Biologists want more statistics

An article in Nature (not free access, unfortunately) by Australian molecular biologist David L. Vaux

 “Experimental biologists, their reviewers and their publishers must grasp basic statistics, or sloppy science will continue to grow.”

This doesn’t come as a surprise to statisticians, but it is nice to get the support from the biology side.  His recommendations are also familiar and welcome

How can the understanding and use of elementary statistics be improved? Young researchers need to be taught the practicalities of using statistics at the point at which they obtain the results of their very first experiments.

[Journals] should refuse to publish papers that contain fundamental errors, and readily publish corrections for published papers that fall short. This requires engaging reviewers who are statistically literate and editors who can verify the process. Numerical data should be made available either as part of the paper or as linked, computer-interpretable files so that readers can perform or confirm statistical analyses themselves.

Professor Vaux goes on to say

When William Strunk Jr, a professor of English, was faced with a flood of errors in spelling, grammar and English usage, he wrote a short, practical guide that became The Elements of Style(also known as Strunk and White). Perhaps experimental biologists need a similar booklet on statistics.

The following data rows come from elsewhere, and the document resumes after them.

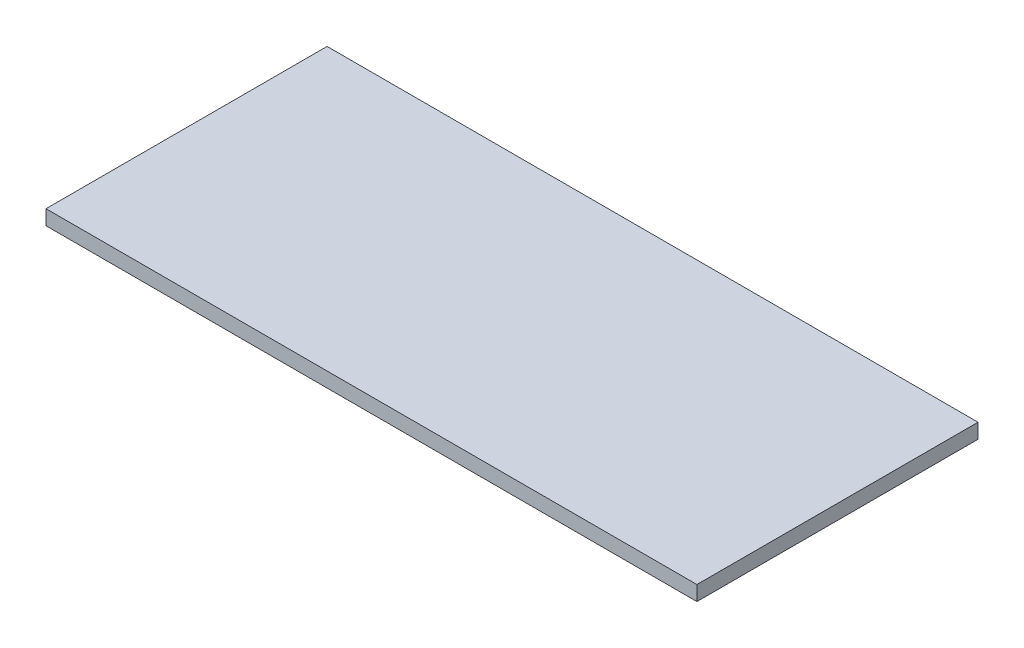
ISO-10303-21;
HEADER;
FILE_DESCRIPTION(('STEP AP214'),'2;1');
FILE_NAME('part.step','',(''),(''),'','','');
FILE_SCHEMA(('AUTOMOTIVE_DESIGN { 1 0 10303 214 1 1 1 1 }'));
ENDSEC;
DATA;
#1=APPLICATION_CONTEXT('core data for automotive mechanical design processes');
#2=APPLICATION_PROTOCOL_DEFINITION('international standard','automotive_design',2000,#1);
#3=PRODUCT_CONTEXT('',#1,'mechanical');
#4=PRODUCT('Part','Part','',(#3));
#5=PRODUCT_RELATED_PRODUCT_CATEGORY('part','',(#4));
#6=PRODUCT_DEFINITION_FORMATION('','',#4);
#7=PRODUCT_DEFINITION_CONTEXT('part definition',#1,'design');
#8=PRODUCT_DEFINITION('design','',#6,#7);
#9=PRODUCT_DEFINITION_SHAPE('','',#8);
#10=(LENGTH_UNIT() NAMED_UNIT(*) SI_UNIT(.MILLI.,.METRE.));
#11=(NAMED_UNIT(*) PLANE_ANGLE_UNIT() SI_UNIT($,.RADIAN.));
#12=(NAMED_UNIT(*) SI_UNIT($,.STERADIAN.) SOLID_ANGLE_UNIT());
#13=UNCERTAINTY_MEASURE_WITH_UNIT(LENGTH_MEASURE(1.E-05),#10,'distance_accuracy_value','');
#14=(GEOMETRIC_REPRESENTATION_CONTEXT(3) GLOBAL_UNCERTAINTY_ASSIGNED_CONTEXT((#13)) GLOBAL_UNIT_ASSIGNED_CONTEXT((#10,
#11,#12)) REPRESENTATION_CONTEXT('',''));
#15=CARTESIAN_POINT('',(0.,0.,0.));
#16=DIRECTION('',(0.,0.,1.));
#17=DIRECTION('',(1.,0.,0.));
#18=AXIS2_PLACEMENT_3D('',#15,#16,#17);
#19=CARTESIAN_POINT('',(-34.925,1.5875,-15.08125));
#20=DIRECTION('',(1.,0.,0.));
#21=DIRECTION('',(0.,0.,-1.));
#22=AXIS2_PLACEMENT_3D('',#19,#20,#21);
#23=PLANE('',#22);
#24=DIRECTION('',(0.,0.,1.));
#25=VECTOR('',#24,1.);
#26=CARTESIAN_POINT('',(-34.925,0.,-15.08125));
#27=LINE('',#26,#25);
#28=CARTESIAN_POINT('',(-34.925,0.,-15.08125));
#29=VERTEX_POINT('',#28);
#30=CARTESIAN_POINT('',(-34.925,0.,15.08125));
#31=VERTEX_POINT('',#30);
#32=EDGE_CURVE('E98',#29,#31,#27,.T.);
#33=ORIENTED_EDGE('',*,*,#32,.T.);
#34=DIRECTION('',(0.,-1.,0.));
#35=VECTOR('',#34,1.);
#36=CARTESIAN_POINT('',(-34.925,1.5875,15.08125));
#37=LINE('',#36,#35);
#38=CARTESIAN_POINT('',(-34.925,1.5875,15.08125));
#39=VERTEX_POINT('',#38);
#40=EDGE_CURVE('E11',#39,#31,#37,.T.);
#41=ORIENTED_EDGE('',*,*,#40,.F.);
#42=DIRECTION('',(0.,0.,1.));
#43=VECTOR('',#42,1.);
#44=CARTESIAN_POINT('',(-34.925,1.5875,-15.08125));
#45=LINE('',#44,#43);
#46=CARTESIAN_POINT('',(-34.925,1.5875,-15.08125));
#47=VERTEX_POINT('',#46);
#48=EDGE_CURVE('E86',#47,#39,#45,.T.);
#49=ORIENTED_EDGE('',*,*,#48,.F.);
#50=DIRECTION('',(0.,-1.,0.));
#51=VECTOR('',#50,1.);
#52=CARTESIAN_POINT('',(-34.925,1.5875,-15.08125));
#53=LINE('',#52,#51);
#54=EDGE_CURVE('E94',#47,#29,#53,.T.);
#55=ORIENTED_EDGE('',*,*,#54,.T.);
#56=EDGE_LOOP('',(#33,#41,#49,#55));
#57=FACE_BOUND('',#56,.T.);
#58=ADVANCED_FACE('F35',(#57),#23,.F.);
#59=CARTESIAN_POINT('',(34.925,1.5875,15.08125));
#60=DIRECTION('',(0.,0.,-1.));
#61=DIRECTION('',(-1.,0.,0.));
#62=AXIS2_PLACEMENT_3D('',#59,#60,#61);
#63=PLANE('',#62);
#64=DIRECTION('',(1.,0.,0.));
#65=VECTOR('',#64,1.);
#66=CARTESIAN_POINT('',(34.925,0.,15.08125));
#67=LINE('',#66,#65);
#68=CARTESIAN_POINT('',(34.925,0.,15.08125));
#69=VERTEX_POINT('',#68);
#70=EDGE_CURVE('E90',#31,#69,#67,.T.);
#71=ORIENTED_EDGE('',*,*,#70,.T.);
#72=DIRECTION('',(0.,-1.,0.));
#73=VECTOR('',#72,1.);
#74=CARTESIAN_POINT('',(34.925,1.5875,15.08125));
#75=LINE('',#74,#73);
#76=CARTESIAN_POINT('',(34.925,1.5875,15.08125));
#77=VERTEX_POINT('',#76);
#78=EDGE_CURVE('E43',#77,#69,#75,.T.);
#79=ORIENTED_EDGE('',*,*,#78,.F.);
#80=DIRECTION('',(1.,0.,0.));
#81=VECTOR('',#80,1.);
#82=CARTESIAN_POINT('',(34.925,1.5875,15.08125));
#83=LINE('',#82,#81);
#84=EDGE_CURVE('E81',#39,#77,#83,.T.);
#85=ORIENTED_EDGE('',*,*,#84,.F.);
#86=ORIENTED_EDGE('',*,*,#40,.T.);
#87=EDGE_LOOP('',(#71,#79,#85,#86));
#88=FACE_BOUND('',#87,.T.);
#89=ADVANCED_FACE('F89',(#88),#63,.F.);
#90=CARTESIAN_POINT('',(34.925,1.5875,-15.08125));
#91=DIRECTION('',(-1.,0.,0.));
#92=DIRECTION('',(0.,0.,1.));
#93=AXIS2_PLACEMENT_3D('',#90,#91,#92);
#94=PLANE('',#93);
#95=DIRECTION('',(0.,0.,-1.));
#96=VECTOR('',#95,1.);
#97=CARTESIAN_POINT('',(34.925,0.,-15.08125));
#98=LINE('',#97,#96);
#99=CARTESIAN_POINT('',(34.925,0.,-15.08125));
#100=VERTEX_POINT('',#99);
#101=EDGE_CURVE('E68',#69,#100,#98,.T.);
#102=ORIENTED_EDGE('',*,*,#101,.T.);
#103=DIRECTION('',(0.,-1.,0.));
#104=VECTOR('',#103,1.);
#105=CARTESIAN_POINT('',(34.925,1.5875,-15.08125));
#106=LINE('',#105,#104);
#107=CARTESIAN_POINT('',(34.925,1.5875,-15.08125));
#108=VERTEX_POINT('',#107);
#109=EDGE_CURVE('E91',#108,#100,#106,.T.);
#110=ORIENTED_EDGE('',*,*,#109,.F.);
#111=DIRECTION('',(0.,0.,-1.));
#112=VECTOR('',#111,1.);
#113=CARTESIAN_POINT('',(34.925,1.5875,-15.08125));
#114=LINE('',#113,#112);
#115=EDGE_CURVE('E84',#77,#108,#114,.T.);
#116=ORIENTED_EDGE('',*,*,#115,.F.);
#117=ORIENTED_EDGE('',*,*,#78,.T.);
#118=EDGE_LOOP('',(#102,#110,#116,#117));
#119=FACE_BOUND('',#118,.T.);
#120=ADVANCED_FACE('F92',(#119),#94,.F.);
#121=CARTESIAN_POINT('',(34.925,1.5875,-15.08125));
#122=DIRECTION('',(0.,0.,1.));
#123=DIRECTION('',(1.,0.,0.));
#124=AXIS2_PLACEMENT_3D('',#121,#122,#123);
#125=PLANE('',#124);
#126=DIRECTION('',(-1.,0.,0.));
#127=VECTOR('',#126,1.);
#128=CARTESIAN_POINT('',(34.925,0.,-15.08125));
#129=LINE('',#128,#127);
#130=EDGE_CURVE('E74',#100,#29,#129,.T.);
#131=ORIENTED_EDGE('',*,*,#130,.T.);
#132=ORIENTED_EDGE('',*,*,#54,.F.);
#133=DIRECTION('',(-1.,0.,0.));
#134=VECTOR('',#133,1.);
#135=CARTESIAN_POINT('',(34.925,1.5875,-15.08125));
#136=LINE('',#135,#134);
#137=EDGE_CURVE('E51',#108,#47,#136,.T.);
#138=ORIENTED_EDGE('',*,*,#137,.F.);
#139=ORIENTED_EDGE('',*,*,#109,.T.);
#140=EDGE_LOOP('',(#131,#132,#138,#139));
#141=FACE_BOUND('',#140,.T.);
#142=ADVANCED_FACE('F105',(#141),#125,.F.);
#143=CARTESIAN_POINT('',(0.,1.5875,0.));
#144=DIRECTION('',(0.,-1.,0.));
#145=DIRECTION('',(0.,0.,-1.));
#146=AXIS2_PLACEMENT_3D('',#143,#144,#145);
#147=PLANE('',#146);
#148=ORIENTED_EDGE('',*,*,#48,.T.);
#149=ORIENTED_EDGE('',*,*,#84,.T.);
#150=ORIENTED_EDGE('',*,*,#115,.T.);
#151=ORIENTED_EDGE('',*,*,#137,.T.);
#152=EDGE_LOOP('',(#148,#149,#150,#151));
#153=FACE_BOUND('',#152,.T.);
#154=ADVANCED_FACE('F82',(#153),#147,.F.);
#155=CARTESIAN_POINT('',(0.,0.,0.));
#156=DIRECTION('',(0.,-1.,0.));
#157=DIRECTION('',(0.,0.,-1.));
#158=AXIS2_PLACEMENT_3D('',#155,#156,#157);
#159=PLANE('',#158);
#160=ORIENTED_EDGE('',*,*,#32,.F.);
#161=ORIENTED_EDGE('',*,*,#130,.F.);
#162=ORIENTED_EDGE('',*,*,#101,.F.);
#163=ORIENTED_EDGE('',*,*,#70,.F.);
#164=EDGE_LOOP('',(#160,#161,#162,#163));
#165=FACE_BOUND('',#164,.T.);
#166=ADVANCED_FACE('F108',(#165),#159,.T.);
#167=CLOSED_SHELL('',(#58,#89,#120,#142,#154,#166));
#168=MANIFOLD_SOLID_BREP('B2',#167);
#169=ADVANCED_BREP_SHAPE_REPRESENTATION('',(#18,#168),#14);
#170=SHAPE_DEFINITION_REPRESENTATION(#9,#169);
ENDSEC;
END-ISO-10303-21;

And here I have to quibble. Experimental biologists already have too many guides like Strunk & White, full of outdated prejudices and policies that the authors themselves would not follow.  What we need is a guide that lays out how good scientists and statisticians actually do handle common types of experiment (ie, evidence-based standard recipes), together with some education on the basic principles: contrasts, blocking, randomization, sources of variation, descriptions of uncertainty. And perhaps a few entertaining horror stories of Doing It Rong and the consequences.